# Fuel Mileage Dropping



## dagooaz (Jun 3, 2007)

Hi all. I have a problem with my 2007 Rabbit 2.5l. My wife drives 80 miles round trip to work, all highway. She had been getting about 27 to 27.5 mpg's until about the last 30 days when it dropped to 24. Driving habits haven't changed, nor has fuel. We buy from the same station every time and Colorado has been on winter fuel since about October. Air filter looks good, plugs were replaced about 15-20k ago. Any ideas what could be causing the sudden drop in MPG's? Any help is appreciated.


----------



## thygreyt (Jun 7, 2009)

how is the maintinance??


----------



## dagooaz (Jun 3, 2007)

Maintenance has been great since I bought it. It had 61k on it when I bought it and it now has 69k on it. I changed the oil at 67k with the proper synthetic oil, but that made no difference. Dealer sold it as a CPO and claimed all work had been done. Carfax shows records of dealer maintenance for the life of the vehicle.


----------



## a7xogg (Nov 25, 2008)

any engine cleaner in the maintenance schedule


----------



## dagooaz (Jun 3, 2007)

None of the previously performed maintenance records show engine cleaner.


----------



## cyclegrip (Dec 3, 2006)

Fuel filter done with oil change?


----------



## dagooaz (Jun 3, 2007)

I didn't do a fuel filter, but I guess I can try that next. Thanks.


----------



## Gunbunny08 (Nov 13, 2008)

I would do the fuel filter for sure and at least check the air filter or have it checked. I noticed a difference in my MPG a while back before I did my 40k service. Changed the air filter and fuel filter and MPG's were back to normal. It could also just be winter gas. It usually tends to burn a little faster. Not sure I know what winter means for you though. I would still change those two filters if they haven't been done in a while, or ever.


----------



## rob454 (Sep 18, 2009)

Colder weather will cause you to have MPG decreases.


----------



## magics5rip (Mar 17, 2004)

rob454 said:


> Colder weather will cause you to have MPG decreases.


QFT


----------



## Salty VW (Sep 2, 2004)

Here's the DIY I used when changing my fuel filter.
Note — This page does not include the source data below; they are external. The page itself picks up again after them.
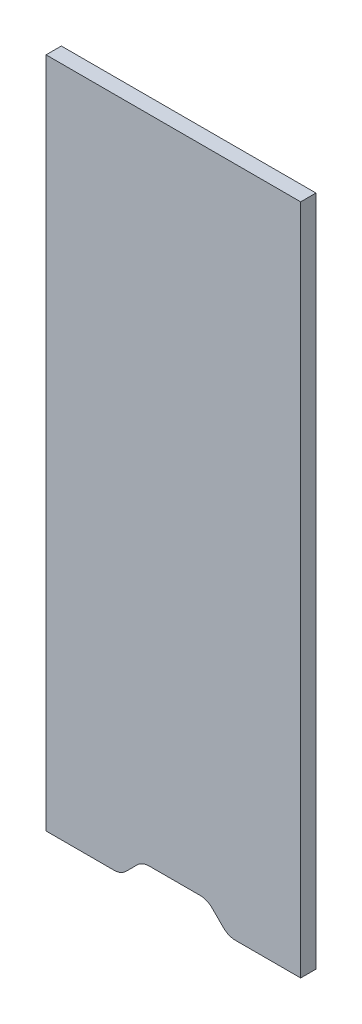
ISO-10303-21;
HEADER;
FILE_DESCRIPTION(('STEP AP214'),'2;1');
FILE_NAME('part.step','',(''),(''),'','','');
FILE_SCHEMA(('AUTOMOTIVE_DESIGN { 1 0 10303 214 1 1 1 1 }'));
ENDSEC;
DATA;
#1=APPLICATION_CONTEXT('core data for automotive mechanical design processes');
#2=APPLICATION_PROTOCOL_DEFINITION('international standard','automotive_design',2000,#1);
#3=PRODUCT_CONTEXT('',#1,'mechanical');
#4=PRODUCT('Part','Part','',(#3));
#5=PRODUCT_RELATED_PRODUCT_CATEGORY('part','',(#4));
#6=PRODUCT_DEFINITION_FORMATION('','',#4);
#7=PRODUCT_DEFINITION_CONTEXT('part definition',#1,'design');
#8=PRODUCT_DEFINITION('design','',#6,#7);
#9=PRODUCT_DEFINITION_SHAPE('','',#8);
#10=(LENGTH_UNIT() NAMED_UNIT(*) SI_UNIT(.MILLI.,.METRE.));
#11=(NAMED_UNIT(*) PLANE_ANGLE_UNIT() SI_UNIT($,.RADIAN.));
#12=(NAMED_UNIT(*) SI_UNIT($,.STERADIAN.) SOLID_ANGLE_UNIT());
#13=UNCERTAINTY_MEASURE_WITH_UNIT(LENGTH_MEASURE(1.E-05),#10,'distance_accuracy_value','');
#14=(GEOMETRIC_REPRESENTATION_CONTEXT(3) GLOBAL_UNCERTAINTY_ASSIGNED_CONTEXT((#13)) GLOBAL_UNIT_ASSIGNED_CONTEXT((#10,
#11,#12)) REPRESENTATION_CONTEXT('',''));
#15=CARTESIAN_POINT('',(0.,0.,0.));
#16=DIRECTION('',(0.,0.,1.));
#17=DIRECTION('',(1.,0.,0.));
#18=AXIS2_PLACEMENT_3D('',#15,#16,#17);
#19=CARTESIAN_POINT('',(0.,0.,18.));
#20=DIRECTION('',(1.,0.,0.));
#21=DIRECTION('',(0.,1.,0.));
#22=AXIS2_PLACEMENT_3D('',#19,#20,#21);
#23=PLANE('',#22);
#24=DIRECTION('',(0.,-1.,0.));
#25=VECTOR('',#24,1.);
#26=CARTESIAN_POINT('',(0.,0.,0.));
#27=LINE('',#26,#25);
#28=CARTESIAN_POINT('',(-3.88578058618805E-13,792.,0.));
#29=VERTEX_POINT('',#28);
#30=CARTESIAN_POINT('',(0.,0.,0.));
#31=VERTEX_POINT('',#30);
#32=EDGE_CURVE('E154',#29,#31,#27,.T.);
#33=ORIENTED_EDGE('',*,*,#32,.T.);
#34=DIRECTION('',(0.,0.,-1.));
#35=VECTOR('',#34,1.);
#36=CARTESIAN_POINT('',(0.,0.,18.));
#37=LINE('',#36,#35);
#38=CARTESIAN_POINT('',(0.,0.,18.));
#39=VERTEX_POINT('',#38);
#40=EDGE_CURVE('E11',#39,#31,#37,.T.);
#41=ORIENTED_EDGE('',*,*,#40,.F.);
#42=DIRECTION('',(0.,-1.,0.));
#43=VECTOR('',#42,1.);
#44=CARTESIAN_POINT('',(0.,0.,18.));
#45=LINE('',#44,#43);
#46=CARTESIAN_POINT('',(-3.88578058618805E-13,792.,18.));
#47=VERTEX_POINT('',#46);
#48=EDGE_CURVE('E176',#47,#39,#45,.T.);
#49=ORIENTED_EDGE('',*,*,#48,.F.);
#50=DIRECTION('',(0.,0.,-1.));
#51=VECTOR('',#50,1.);
#52=CARTESIAN_POINT('',(-3.88578058618805E-13,792.,18.));
#53=LINE('',#52,#51);
#54=EDGE_CURVE('E150',#47,#29,#53,.T.);
#55=ORIENTED_EDGE('',*,*,#54,.T.);
#56=EDGE_LOOP('',(#33,#41,#49,#55));
#57=FACE_BOUND('',#56,.T.);
#58=ADVANCED_FACE('F34',(#57),#23,.F.);
#59=CARTESIAN_POINT('',(0.,0.,18.));
#60=DIRECTION('',(0.,1.,0.));
#61=DIRECTION('',(0.,0.,1.));
#62=AXIS2_PLACEMENT_3D('',#59,#60,#61);
#63=PLANE('',#62);
#64=DIRECTION('',(1.,0.,0.));
#65=VECTOR('',#64,1.);
#66=CARTESIAN_POINT('',(0.,0.,0.));
#67=LINE('',#66,#65);
#68=CARTESIAN_POINT('',(80.,0.,0.));
#69=VERTEX_POINT('',#68);
#70=EDGE_CURVE('E157',#31,#69,#67,.T.);
#71=ORIENTED_EDGE('',*,*,#70,.T.);
#72=DIRECTION('',(0.,0.,-1.));
#73=VECTOR('',#72,1.);
#74=CARTESIAN_POINT('',(80.,0.,18.));
#75=LINE('',#74,#73);
#76=CARTESIAN_POINT('',(80.,0.,18.));
#77=VERTEX_POINT('',#76);
#78=EDGE_CURVE('E42',#77,#69,#75,.T.);
#79=ORIENTED_EDGE('',*,*,#78,.F.);
#80=DIRECTION('',(1.,0.,0.));
#81=VECTOR('',#80,1.);
#82=CARTESIAN_POINT('',(0.,0.,18.));
#83=LINE('',#82,#81);
#84=EDGE_CURVE('E105',#39,#77,#83,.T.);
#85=ORIENTED_EDGE('',*,*,#84,.F.);
#86=ORIENTED_EDGE('',*,*,#40,.T.);
#87=EDGE_LOOP('',(#71,#79,#85,#86));
#88=FACE_BOUND('',#87,.T.);
#89=ADVANCED_FACE('F254',(#88),#63,.F.);
#90=CARTESIAN_POINT('',(80.,20.,18.));
#91=DIRECTION('',(0.,0.,-1.));
#92=DIRECTION('',(-1.,0.,0.));
#93=AXIS2_PLACEMENT_3D('',#90,#91,#92);
#94=CYLINDRICAL_SURFACE('',#93,20.);
#95=CARTESIAN_POINT('',(80.,20.,0.));
#96=DIRECTION('',(0.,0.,1.));
#97=DIRECTION('',(-1.,0.,0.));
#98=AXIS2_PLACEMENT_3D('',#95,#96,#97);
#99=CIRCLE('',#98,20.);
#100=CARTESIAN_POINT('',(94.142135623731,5.85786437626905,0.));
#101=VERTEX_POINT('',#100);
#102=EDGE_CURVE('E159',#69,#101,#99,.T.);
#103=ORIENTED_EDGE('',*,*,#102,.T.);
#104=DIRECTION('',(0.,0.,-1.));
#105=VECTOR('',#104,1.);
#106=CARTESIAN_POINT('',(94.142135623731,5.85786437626905,18.));
#107=LINE('',#106,#105);
#108=CARTESIAN_POINT('',(94.142135623731,5.85786437626905,18.));
#109=VERTEX_POINT('',#108);
#110=EDGE_CURVE('E195',#109,#101,#107,.T.);
#111=ORIENTED_EDGE('',*,*,#110,.F.);
#112=CARTESIAN_POINT('',(80.,20.,18.));
#113=DIRECTION('',(0.,0.,1.));
#114=DIRECTION('',(-1.,0.,0.));
#115=AXIS2_PLACEMENT_3D('',#112,#113,#114);
#116=CIRCLE('',#115,20.);
#117=EDGE_CURVE('E203',#77,#109,#116,.T.);
#118=ORIENTED_EDGE('',*,*,#117,.F.);
#119=ORIENTED_EDGE('',*,*,#78,.T.);
#120=EDGE_LOOP('',(#103,#111,#118,#119));
#121=FACE_BOUND('',#120,.T.);
#122=ADVANCED_FACE('F201',(#121),#94,.T.);
#123=CARTESIAN_POINT('',(107.426406871193,19.1421356237309,18.));
#124=DIRECTION('',(-0.707106781186547,0.707106781186548,0.));
#125=DIRECTION('',(-0.707106781186548,-0.707106781186547,0.));
#126=AXIS2_PLACEMENT_3D('',#123,#124,#125);
#127=PLANE('',#126);
#128=DIRECTION('',(0.707106781186548,0.707106781186547,0.));
#129=VECTOR('',#128,1.);
#130=CARTESIAN_POINT('',(107.426406871193,19.1421356237309,0.));
#131=LINE('',#130,#129);
#132=CARTESIAN_POINT('',(107.426406871193,19.1421356237309,0.));
#133=VERTEX_POINT('',#132);
#134=EDGE_CURVE('E161',#101,#133,#131,.T.);
#135=ORIENTED_EDGE('',*,*,#134,.T.);
#136=DIRECTION('',(0.,0.,-1.));
#137=VECTOR('',#136,1.);
#138=CARTESIAN_POINT('',(107.426406871193,19.1421356237309,18.));
#139=LINE('',#138,#137);
#140=CARTESIAN_POINT('',(107.426406871193,19.1421356237309,18.));
#141=VERTEX_POINT('',#140);
#142=EDGE_CURVE('E192',#141,#133,#139,.T.);
#143=ORIENTED_EDGE('',*,*,#142,.F.);
#144=DIRECTION('',(0.707106781186548,0.707106781186547,0.));
#145=VECTOR('',#144,1.);
#146=CARTESIAN_POINT('',(107.426406871193,19.1421356237309,18.));
#147=LINE('',#146,#145);
#148=EDGE_CURVE('E221',#109,#141,#147,.T.);
#149=ORIENTED_EDGE('',*,*,#148,.F.);
#150=ORIENTED_EDGE('',*,*,#110,.T.);
#151=EDGE_LOOP('',(#135,#143,#149,#150));
#152=FACE_BOUND('',#151,.T.);
#153=ADVANCED_FACE('F212',(#152),#127,.F.);
#154=CARTESIAN_POINT('',(121.568542494924,4.99999999999999,18.));
#155=DIRECTION('',(0.,0.,-1.));
#156=DIRECTION('',(-1.,0.,0.));
#157=AXIS2_PLACEMENT_3D('',#154,#155,#156);
#158=CYLINDRICAL_SURFACE('',#157,20.);
#159=CARTESIAN_POINT('',(121.568542494924,4.99999999999999,0.));
#160=DIRECTION('',(0.,0.,-1.));
#161=DIRECTION('',(1.,0.,0.));
#162=AXIS2_PLACEMENT_3D('',#159,#160,#161);
#163=CIRCLE('',#162,20.);
#164=CARTESIAN_POINT('',(121.568542494924,25.,0.));
#165=VERTEX_POINT('',#164);
#166=EDGE_CURVE('E163',#133,#165,#163,.T.);
#167=ORIENTED_EDGE('',*,*,#166,.T.);
#168=DIRECTION('',(0.,0.,-1.));
#169=VECTOR('',#168,1.);
#170=CARTESIAN_POINT('',(121.568542494924,25.,18.));
#171=LINE('',#170,#169);
#172=CARTESIAN_POINT('',(121.568542494924,25.,18.));
#173=VERTEX_POINT('',#172);
#174=EDGE_CURVE('E189',#173,#165,#171,.T.);
#175=ORIENTED_EDGE('',*,*,#174,.F.);
#176=CARTESIAN_POINT('',(121.568542494924,4.99999999999999,18.));
#177=DIRECTION('',(0.,0.,-1.));
#178=DIRECTION('',(1.,0.,0.));
#179=AXIS2_PLACEMENT_3D('',#176,#177,#178);
#180=CIRCLE('',#179,20.);
#181=EDGE_CURVE('E218',#141,#173,#180,.T.);
#182=ORIENTED_EDGE('',*,*,#181,.F.);
#183=ORIENTED_EDGE('',*,*,#142,.T.);
#184=EDGE_LOOP('',(#167,#175,#182,#183));
#185=FACE_BOUND('',#184,.T.);
#186=ADVANCED_FACE('F216',(#185),#158,.F.);
#187=CARTESIAN_POINT('',(181.568542494924,25.,18.));
#188=DIRECTION('',(0.,1.,0.));
#189=DIRECTION('',(-1.,0.,0.));
#190=AXIS2_PLACEMENT_3D('',#187,#188,#189);
#191=PLANE('',#190);
#192=DIRECTION('',(1.,0.,0.));
#193=VECTOR('',#192,1.);
#194=CARTESIAN_POINT('',(181.568542494924,25.,0.));
#195=LINE('',#194,#193);
#196=CARTESIAN_POINT('',(181.568542494924,25.,0.));
#197=VERTEX_POINT('',#196);
#198=EDGE_CURVE('E165',#165,#197,#195,.T.);
#199=ORIENTED_EDGE('',*,*,#198,.T.);
#200=DIRECTION('',(0.,0.,-1.));
#201=VECTOR('',#200,1.);
#202=CARTESIAN_POINT('',(181.568542494924,25.,18.));
#203=LINE('',#202,#201);
#204=CARTESIAN_POINT('',(181.568542494924,25.,18.));
#205=VERTEX_POINT('',#204);
#206=EDGE_CURVE('E186',#205,#197,#203,.T.);
#207=ORIENTED_EDGE('',*,*,#206,.F.);
#208=DIRECTION('',(1.,0.,0.));
#209=VECTOR('',#208,1.);
#210=CARTESIAN_POINT('',(181.568542494924,25.,18.));
#211=LINE('',#210,#209);
#212=EDGE_CURVE('E220',#173,#205,#211,.T.);
#213=ORIENTED_EDGE('',*,*,#212,.F.);
#214=ORIENTED_EDGE('',*,*,#174,.T.);
#215=EDGE_LOOP('',(#199,#207,#213,#214));
#216=FACE_BOUND('',#215,.T.);
#217=ADVANCED_FACE('F267',(#216),#191,.F.);
#218=CARTESIAN_POINT('',(181.568542494924,5.,18.));
#219=DIRECTION('',(0.,0.,-1.));
#220=DIRECTION('',(-1.,0.,0.));
#221=AXIS2_PLACEMENT_3D('',#218,#219,#220);
#222=CYLINDRICAL_SURFACE('',#221,20.);
#223=CARTESIAN_POINT('',(181.568542494924,5.,0.));
#224=DIRECTION('',(0.,0.,-1.));
#225=DIRECTION('',(1.,0.,0.));
#226=AXIS2_PLACEMENT_3D('',#223,#224,#225);
#227=CIRCLE('',#226,20.);
#228=CARTESIAN_POINT('',(195.710678118655,19.142135623731,0.));
#229=VERTEX_POINT('',#228);
#230=EDGE_CURVE('E167',#197,#229,#227,.T.);
#231=ORIENTED_EDGE('',*,*,#230,.T.);
#232=DIRECTION('',(0.,0.,-1.));
#233=VECTOR('',#232,1.);
#234=CARTESIAN_POINT('',(195.710678118655,19.142135623731,18.));
#235=LINE('',#234,#233);
#236=CARTESIAN_POINT('',(195.710678118655,19.142135623731,18.));
#237=VERTEX_POINT('',#236);
#238=EDGE_CURVE('E183',#237,#229,#235,.T.);
#239=ORIENTED_EDGE('',*,*,#238,.F.);
#240=CARTESIAN_POINT('',(181.568542494924,5.,18.));
#241=DIRECTION('',(0.,0.,-1.));
#242=DIRECTION('',(1.,0.,0.));
#243=AXIS2_PLACEMENT_3D('',#240,#241,#242);
#244=CIRCLE('',#243,20.);
#245=EDGE_CURVE('E223',#205,#237,#244,.T.);
#246=ORIENTED_EDGE('',*,*,#245,.F.);
#247=ORIENTED_EDGE('',*,*,#206,.T.);
#248=EDGE_LOOP('',(#231,#239,#246,#247));
#249=FACE_BOUND('',#248,.T.);
#250=ADVANCED_FACE('F270',(#249),#222,.F.);
#251=CARTESIAN_POINT('',(208.994949366117,5.85786437626905,18.));
#252=DIRECTION('',(0.707106781186548,0.707106781186547,0.));
#253=DIRECTION('',(-0.707106781186547,0.707106781186548,0.));
#254=AXIS2_PLACEMENT_3D('',#251,#252,#253);
#255=PLANE('',#254);
#256=DIRECTION('',(0.707106781186548,-0.707106781186548,0.));
#257=VECTOR('',#256,1.);
#258=CARTESIAN_POINT('',(208.994949366117,5.85786437626905,0.));
#259=LINE('',#258,#257);
#260=CARTESIAN_POINT('',(208.994949366117,5.85786437626905,0.));
#261=VERTEX_POINT('',#260);
#262=EDGE_CURVE('E169',#229,#261,#259,.T.);
#263=ORIENTED_EDGE('',*,*,#262,.T.);
#264=DIRECTION('',(0.,0.,-1.));
#265=VECTOR('',#264,1.);
#266=CARTESIAN_POINT('',(208.994949366117,5.85786437626905,18.));
#267=LINE('',#266,#265);
#268=CARTESIAN_POINT('',(208.994949366117,5.85786437626905,18.));
#269=VERTEX_POINT('',#268);
#270=EDGE_CURVE('E180',#269,#261,#267,.T.);
#271=ORIENTED_EDGE('',*,*,#270,.F.);
#272=DIRECTION('',(0.707106781186548,-0.707106781186548,0.));
#273=VECTOR('',#272,1.);
#274=CARTESIAN_POINT('',(208.994949366117,5.85786437626905,18.));
#275=LINE('',#274,#273);
#276=EDGE_CURVE('E229',#237,#269,#275,.T.);
#277=ORIENTED_EDGE('',*,*,#276,.F.);
#278=ORIENTED_EDGE('',*,*,#238,.T.);
#279=EDGE_LOOP('',(#263,#271,#277,#278));
#280=FACE_BOUND('',#279,.T.);
#281=ADVANCED_FACE('F235',(#280),#255,.F.);
#282=CARTESIAN_POINT('',(223.137084989848,20.,18.));
#283=DIRECTION('',(0.,0.,-1.));
#284=DIRECTION('',(-1.,0.,0.));
#285=AXIS2_PLACEMENT_3D('',#282,#283,#284);
#286=CYLINDRICAL_SURFACE('',#285,20.);
#287=CARTESIAN_POINT('',(223.137084989848,20.,0.));
#288=DIRECTION('',(0.,0.,1.));
#289=DIRECTION('',(1.,0.,0.));
#290=AXIS2_PLACEMENT_3D('',#287,#288,#289);
#291=CIRCLE('',#290,20.);
#292=CARTESIAN_POINT('',(223.137084989848,0.,0.));
#293=VERTEX_POINT('',#292);
#294=EDGE_CURVE('E171',#261,#293,#291,.T.);
#295=ORIENTED_EDGE('',*,*,#294,.T.);
#296=DIRECTION('',(0.,0.,-1.));
#297=VECTOR('',#296,1.);
#298=CARTESIAN_POINT('',(223.137084989848,0.,18.));
#299=LINE('',#298,#297);
#300=CARTESIAN_POINT('',(223.137084989848,0.,18.));
#301=VERTEX_POINT('',#300);
#302=EDGE_CURVE('E145',#301,#293,#299,.T.);
#303=ORIENTED_EDGE('',*,*,#302,.F.);
#304=CARTESIAN_POINT('',(223.137084989848,20.,18.));
#305=DIRECTION('',(0.,0.,1.));
#306=DIRECTION('',(1.,0.,0.));
#307=AXIS2_PLACEMENT_3D('',#304,#305,#306);
#308=CIRCLE('',#307,20.);
#309=EDGE_CURVE('E136',#269,#301,#308,.T.);
#310=ORIENTED_EDGE('',*,*,#309,.F.);
#311=ORIENTED_EDGE('',*,*,#270,.T.);
#312=EDGE_LOOP('',(#295,#303,#310,#311));
#313=FACE_BOUND('',#312,.T.);
#314=ADVANCED_FACE('F239',(#313),#286,.T.);
#315=CARTESIAN_POINT('',(223.137084989848,0.,18.));
#316=DIRECTION('',(0.,1.,0.));
#317=DIRECTION('',(0.,0.,1.));
#318=AXIS2_PLACEMENT_3D('',#315,#316,#317);
#319=PLANE('',#318);
#320=DIRECTION('',(1.,0.,0.));
#321=VECTOR('',#320,1.);
#322=CARTESIAN_POINT('',(223.137084989848,0.,0.));
#323=LINE('',#322,#321);
#324=CARTESIAN_POINT('',(300.,0.,0.));
#325=VERTEX_POINT('',#324);
#326=EDGE_CURVE('E144',#293,#325,#323,.T.);
#327=ORIENTED_EDGE('',*,*,#326,.T.);
#328=DIRECTION('',(0.,0.,-1.));
#329=VECTOR('',#328,1.);
#330=CARTESIAN_POINT('',(300.,0.,18.));
#331=LINE('',#330,#329);
#332=CARTESIAN_POINT('',(300.,0.,18.));
#333=VERTEX_POINT('',#332);
#334=EDGE_CURVE('E141',#333,#325,#331,.T.);
#335=ORIENTED_EDGE('',*,*,#334,.F.);
#336=DIRECTION('',(1.,0.,0.));
#337=VECTOR('',#336,1.);
#338=CARTESIAN_POINT('',(223.137084989848,0.,18.));
#339=LINE('',#338,#337);
#340=EDGE_CURVE('E130',#301,#333,#339,.T.);
#341=ORIENTED_EDGE('',*,*,#340,.F.);
#342=ORIENTED_EDGE('',*,*,#302,.T.);
#343=EDGE_LOOP('',(#327,#335,#341,#342));
#344=FACE_BOUND('',#343,.T.);
#345=ADVANCED_FACE('F142',(#344),#319,.F.);
#346=CARTESIAN_POINT('',(300.,0.,18.));
#347=DIRECTION('',(-1.,0.,0.));
#348=DIRECTION('',(0.,-1.,0.));
#349=AXIS2_PLACEMENT_3D('',#346,#347,#348);
#350=PLANE('',#349);
#351=DIRECTION('',(0.,1.,0.));
#352=VECTOR('',#351,1.);
#353=CARTESIAN_POINT('',(300.,0.,0.));
#354=LINE('',#353,#352);
#355=CARTESIAN_POINT('',(300.,792.,0.));
#356=VERTEX_POINT('',#355);
#357=EDGE_CURVE('E91',#325,#356,#354,.T.);
#358=ORIENTED_EDGE('',*,*,#357,.T.);
#359=DIRECTION('',(0.,0.,-1.));
#360=VECTOR('',#359,1.);
#361=CARTESIAN_POINT('',(300.,792.,18.));
#362=LINE('',#361,#360);
#363=CARTESIAN_POINT('',(300.,792.,18.));
#364=VERTEX_POINT('',#363);
#365=EDGE_CURVE('E146',#364,#356,#362,.T.);
#366=ORIENTED_EDGE('',*,*,#365,.F.);
#367=DIRECTION('',(0.,1.,0.));
#368=VECTOR('',#367,1.);
#369=CARTESIAN_POINT('',(300.,0.,18.));
#370=LINE('',#369,#368);
#371=EDGE_CURVE('E134',#333,#364,#370,.T.);
#372=ORIENTED_EDGE('',*,*,#371,.F.);
#373=ORIENTED_EDGE('',*,*,#334,.T.);
#374=EDGE_LOOP('',(#358,#366,#372,#373));
#375=FACE_BOUND('',#374,.T.);
#376=ADVANCED_FACE('F148',(#375),#350,.F.);
#377=CARTESIAN_POINT('',(-3.88578058618805E-13,792.,18.));
#378=DIRECTION('',(0.,-1.,0.));
#379=DIRECTION('',(0.,0.,-1.));
#380=AXIS2_PLACEMENT_3D('',#377,#378,#379);
#381=PLANE('',#380);
#382=DIRECTION('',(-1.,0.,0.));
#383=VECTOR('',#382,1.);
#384=CARTESIAN_POINT('',(-3.88578058618805E-13,792.,0.));
#385=LINE('',#384,#383);
#386=EDGE_CURVE('E97',#356,#29,#385,.T.);
#387=ORIENTED_EDGE('',*,*,#386,.T.);
#388=ORIENTED_EDGE('',*,*,#54,.F.);
#389=DIRECTION('',(-1.,0.,0.));
#390=VECTOR('',#389,1.);
#391=CARTESIAN_POINT('',(-3.88578058618805E-13,792.,18.));
#392=LINE('',#391,#390);
#393=EDGE_CURVE('E50',#364,#47,#392,.T.);
#394=ORIENTED_EDGE('',*,*,#393,.F.);
#395=ORIENTED_EDGE('',*,*,#365,.T.);
#396=EDGE_LOOP('',(#387,#388,#394,#395));
#397=FACE_BOUND('',#396,.T.);
#398=ADVANCED_FACE('F243',(#397),#381,.F.);
#399=CARTESIAN_POINT('',(223.137084989848,20.,18.));
#400=DIRECTION('',(0.,0.,1.));
#401=DIRECTION('',(1.,0.,0.));
#402=AXIS2_PLACEMENT_3D('',#399,#400,#401);
#403=PLANE('',#402);
#404=ORIENTED_EDGE('',*,*,#48,.T.);
#405=ORIENTED_EDGE('',*,*,#84,.T.);
#406=ORIENTED_EDGE('',*,*,#117,.T.);
#407=ORIENTED_EDGE('',*,*,#148,.T.);
#408=ORIENTED_EDGE('',*,*,#181,.T.);
#409=ORIENTED_EDGE('',*,*,#212,.T.);
#410=ORIENTED_EDGE('',*,*,#245,.T.);
#411=ORIENTED_EDGE('',*,*,#276,.T.);
#412=ORIENTED_EDGE('',*,*,#309,.T.);
#413=ORIENTED_EDGE('',*,*,#340,.T.);
#414=ORIENTED_EDGE('',*,*,#371,.T.);
#415=ORIENTED_EDGE('',*,*,#393,.T.);
#416=EDGE_LOOP('',(#404,#405,#406,#407,#408,#409,#410,#411,#412,#413,#414,#415));
#417=FACE_BOUND('',#416,.T.);
#418=ADVANCED_FACE('F132',(#417),#403,.T.);
#419=CARTESIAN_POINT('',(223.137084989848,20.,0.));
#420=DIRECTION('',(0.,0.,1.));
#421=DIRECTION('',(1.,0.,0.));
#422=AXIS2_PLACEMENT_3D('',#419,#420,#421);
#423=PLANE('',#422);
#424=ORIENTED_EDGE('',*,*,#32,.F.);
#425=ORIENTED_EDGE('',*,*,#386,.F.);
#426=ORIENTED_EDGE('',*,*,#357,.F.);
#427=ORIENTED_EDGE('',*,*,#326,.F.);
#428=ORIENTED_EDGE('',*,*,#294,.F.);
#429=ORIENTED_EDGE('',*,*,#262,.F.);
#430=ORIENTED_EDGE('',*,*,#230,.F.);
#431=ORIENTED_EDGE('',*,*,#198,.F.);
#432=ORIENTED_EDGE('',*,*,#166,.F.);
#433=ORIENTED_EDGE('',*,*,#134,.F.);
#434=ORIENTED_EDGE('',*,*,#102,.F.);
#435=ORIENTED_EDGE('',*,*,#70,.F.);
#436=EDGE_LOOP('',(#424,#425,#426,#427,#428,#429,#430,#431,#432,#433,#434,#435));
#437=FACE_BOUND('',#436,.T.);
#438=ADVANCED_FACE('F207',(#437),#423,.F.);
#439=CLOSED_SHELL('',(#58,#89,#122,#153,#186,#217,#250,#281,#314,#345,#376,#398,#418,#438));
#440=MANIFOLD_SOLID_BREP('B2',#439);
#441=ADVANCED_BREP_SHAPE_REPRESENTATION('',(#18,#440),#14);
#442=SHAPE_DEFINITION_REPRESENTATION(#9,#441);
ENDSEC;
END-ISO-10303-21;

The filter part number is different for a 2.5L, but the procedure is nearly identical. 
http://www.golfmkv.net/blog/archives/10#


----------



## dagooaz (Jun 3, 2007)

Thanks for the link salty! I have already ordered an air filter, it will be here on Monday. I'm going to get the fuel filter this week too. It's not the winter gas that is causing the decline in mileage. Here in Colorado, we switch to winter gas in October and the mileage starting going down in late November, early December time frame. Thanks for all the responses.


----------



## Unilateral Phase Detractor (Aug 23, 2005)

Low tire(s) perhaps


----------



## seanmcd72 (May 14, 2008)

classicjetta said:


> Low tire(s) perhaps


Yes this has affected my mpg for sure :thumbup:


----------



## Schagephonic (Feb 5, 2009)

I also live in CO and do see a small drop in MPGs when the weather turns cold but not 20% as you describe. I was listening to the Car Guys on NPR recently and a guy with a Ford Explorer was describing the same exact problem, a 20% drop since the fall. They strongly believed the problem was with a sluggish thermostat that was not closing all the way or was delayed in closing. So, they recommended changing the stat. G'luck


----------



## jsag (Nov 27, 2007)

I used to drive my 06 jetta 320 miles on a single tank, city and highway. Took the car to the dealer for the 40k and that reall about the" ignition coils", after that the most I get is like about 250 miles; that started back in the summer time and of course winter time it is even worst.


----------



## rob454 (Sep 18, 2009)

I get 400 miles on a tank in the summer. In the winter I get 320 miles.


----------



## PanzerVW (Jan 9, 2003)

I also recommend removing your MAF sensor and spraying it down with MAF cleaner- worked pretty well for my 08'


----------



## inspectahpete023 (Aug 30, 2008)

dagooaz said:


> Thanks for the link salty! I have already ordered an air filter, it will be here on Monday. I'm going to get the fuel filter this week too. It's not the winter gas that is causing the decline in mileage. Here in Colorado, we switch to winter gas in October and the mileage starting going down in late November, early December time frame. Thanks for all the responses.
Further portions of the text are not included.